Exercise inputs section start

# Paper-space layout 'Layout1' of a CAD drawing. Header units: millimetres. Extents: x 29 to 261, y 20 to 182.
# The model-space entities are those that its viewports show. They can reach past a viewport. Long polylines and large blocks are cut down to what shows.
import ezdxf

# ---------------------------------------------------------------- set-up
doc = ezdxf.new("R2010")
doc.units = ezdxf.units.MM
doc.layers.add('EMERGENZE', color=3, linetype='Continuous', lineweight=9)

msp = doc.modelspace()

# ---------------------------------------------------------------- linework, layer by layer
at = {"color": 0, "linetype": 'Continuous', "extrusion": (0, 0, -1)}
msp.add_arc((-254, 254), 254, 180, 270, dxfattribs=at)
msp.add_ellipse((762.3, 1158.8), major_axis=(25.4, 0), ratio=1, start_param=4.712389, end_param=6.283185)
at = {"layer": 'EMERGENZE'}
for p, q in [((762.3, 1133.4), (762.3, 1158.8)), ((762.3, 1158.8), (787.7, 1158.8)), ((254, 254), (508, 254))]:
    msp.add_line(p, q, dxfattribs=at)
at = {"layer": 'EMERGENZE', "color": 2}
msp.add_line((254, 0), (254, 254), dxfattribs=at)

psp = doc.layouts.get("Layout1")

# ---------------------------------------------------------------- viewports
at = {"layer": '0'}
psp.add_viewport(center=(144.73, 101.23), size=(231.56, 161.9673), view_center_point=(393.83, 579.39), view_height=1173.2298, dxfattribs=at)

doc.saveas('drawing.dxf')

Exercise inputs section end

(Your goal) Output all records verbatim.

(Finished task)
# Paper-space layout 'Layout1' of a CAD drawing. Header units: millimetres. Extents: x 29 to 261, y 20 to 182.
# The model-space entities are those that its viewports show. They can reach past a viewport. Long polylines and large blocks are cut down to what shows.
import ezdxf

# ---------------------------------------------------------------- set-up
doc = ezdxf.new("R2010")
doc.units = ezdxf.units.MM
doc.layers.add('EMERGENZE', color=3, linetype='Continuous', lineweight=9)

msp = doc.modelspace()

# ---------------------------------------------------------------- linework, layer by layer
at = {"color": 0, "linetype": 'Continuous', "extrusion": (0, 0, -1)}
msp.add_arc((-254, 254), 254, 180, 270, dxfattribs=at)
msp.add_ellipse((762.3, 1158.8), major_axis=(25.4, 0), ratio=1, start_param=4.712389, end_param=6.283185)
at = {"layer": 'EMERGENZE'}
for p, q in [((762.3, 1133.4), (762.3, 1158.8)), ((762.3, 1158.8), (787.7, 1158.8)), ((254, 254), (508, 254))]:
    msp.add_line(p, q, dxfattribs=at)
at = {"layer": 'EMERGENZE', "color": 2}
msp.add_line((254, 0), (254, 254), dxfattribs=at)

psp = doc.layouts.get("Layout1")

# ---------------------------------------------------------------- viewports
at = {"layer": '0'}
psp.add_viewport(center=(144.73, 101.23), size=(231.56, 161.9673), view_center_point=(393.83, 579.39), view_height=1173.2298, dxfattribs=at)

doc.saveas('drawing.dxf')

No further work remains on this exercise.